We propose an automated pipeline for robustly identifying neurological disorders from interactive therapeutic exercises, which are gathered via the mobile therapy app myReha. The app captures speech and cognitive parameters from over 30.000 tasks in various scenarios. Users get immediate and highly accurate feedback for pronunciation and coherency for language tasks, while voice recordings are fed to a feature extraction pipeline in the backend. These features are then used to construct speech characteristics, which are highly indicative of different neurological disorders, such as acquired aphasia after stroke. The data is visually presented in a web application nyra.insights, which allows medical professionals to quickly derive recommendations for treatment and closely monitor outcomes. During the Show and Tell session, users can experiment with the interactive myReha app and experience the real-time speech analysis capabilities via the nyra.insights web platform.

EFFECTIVENESS | ECNR 2023

Real world data analysis Tablet-based cognitive neurorehabilitation in the outpatient care of patients after brain injury.

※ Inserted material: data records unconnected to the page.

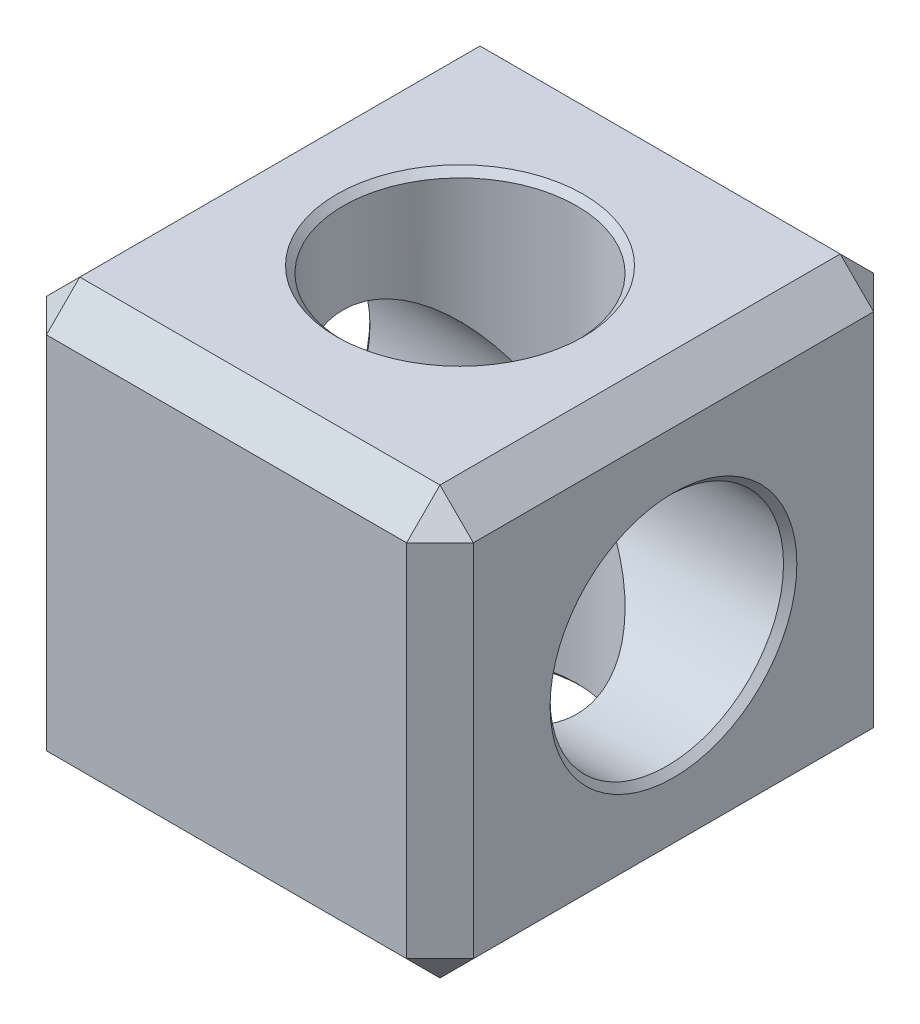
SolidWorks part; units mm, degrees
material "Malleable Cast Iron"
ref_plane "Front Plane" through (0, 0, 0) normal (0, 0, 1) x (1, 0, 0)
ref_plane "Top Plane" through (0, 0, 0) normal (0, 1, 0) x (1, 0, 0)
ref_plane "Right Plane" through (0, 0, 0) normal (1, 0, 0) x (0, 0, -1)
sketch "Sketch1" plane through (0, 0, 0) normal (0, 1, 0) x (1, 0, 0)
  line L1 (-32, -35) -> (32, -35)
  line L2 (-32, -35) -> (-32, 35)
  line L3 (-32, 35) -> (32, 35)
  line L4 (32, -35) -> (32, 35)
  line L5 (-32, -35) -> (32, 35) construction
  line L6 (-32, 35) -> (32, -35) construction
  point P0 (0, 0)
  dimension "D1" = 70
  dimension "D2" = 64
extrude "Boss-Extrude1" add sketch "Sketch1" along normal mid plane 64
sketch "Sketch2" plane through (0, 32, 0) normal (0, 1, 0) x (1, 0, 0)
  circle A0 centre (0, 0) radius 17.5
  dimension "D1" = 35
extrude "Cut-Extrude1" cut sketch "Sketch2" against normal through all
ref_axis "Axis2" through (0, 0, 38.5) along (0, 0, -1)
pattern_circular "CirPattern4" count 4 over 360 about axis through (0, 0, 38.5) along (0, 0, -1) of "Cut-Extrude1"
chamfer "Chamfer1" distance 5 angle 45 12 edges at (0, -32, 35) (32, 0, 35) (-32, 0, 35) (-32, -32, 0) (-32, 0, -35) (0, -32, -35) (0, 32, 35) (-32, 32, 0) (32, -32, 0) (32, 0, -35) (0, 32, -35) (32, 32, 0)
chamfer "Chamfer2" distance 1 angle 45 4 edges at (0, -32, 17.5) (32, 0, 17.5) (0, 32, 17.5) (-32, 0, 17.5)

T. Bloder, P. Schöllauf, M. Zusag, L. Wagner, M. Müller-Mezin, C. Stepan

Cognitive impairments such as aphasia, attention, memory, or perception disorders are very common symptoms of neurological diseases after brain damage. Since patients need individual therapy plans and a high intensity of therapy in neurorehabilitation, the use of digital rehabilitation tools is seen as having great potential. This study evaluates the effectiveness of digital speech and cognitive therapy within a real-world mobile health data set using the digital neurorehab platform myReha. With this tablet app, patients receive customized exercise plans through artificial intelligence from a large catalog of over 35 language and cognition exercises with over 30,000 examples. These exercise plans can be used independently by patients both in the clinic and on an outpatient basis. This study includes real world data from 183 patients with cognitive deficits following brain injury more than four weeks ago who trained with the myReha app for 60 days. This study evaluated the efficacy of this form of therapy using the myReha app. The results demonstrated a significant enhancement in all evaluated speech and cognitive abilities over the intervention period.

EFFECTIVENESS | ÖGN 2023

Tablet-based cognitive neurorehabilitation in the outpatient care of patients after brain injury

P. Schöllauf, M. Zusag, T. Bloder, L. Wagner, M. Cekolj, M. Müller-Mezin, A. Calleja-Dincer, C. Stepan

Individual therapy plans and high therapy intensity have been proven to be effective in the rehabilitation of cognitive deficits such as language. Computer-based therapy programs can achieve the necessary intensity and thus increase the effectiveness of therapy. Recent studies show the great benefit of digital and telerehabilitative interventions in patients with neurological disorders. Usage of myReha in an outpatient environment demonstrated efficacy for patients suffering from brain injuries, exhibiting significant enhancements across all evaluated therapeutic domains.

FEASIBILITY | ECNR 2023

Feasibility Study of Digital Neurorehabilitation for Language and Cognitive Impairment in Patients with Brain Damage

P. Schoellauf, M. Mueller-Mezin, S. Poell, M. Muellner, S. Gagl, T. Bloder, M. Zusag, L. Wagner, Christoph Stepan

Cognitive and language impairments are common sequelae in patients who have experienced brain damage. Traditional rehabilitation methods often require intensive, long-term care, which may not be feasible for all patients due to geographical, financial, or time constraints. However, its effectiveness in real-world settings remains under-explored. Digital neurorehabilitation with myReha, facilitated by technology-based interventions, has the potential to improve accessibility and personalization of therapeutic strategies.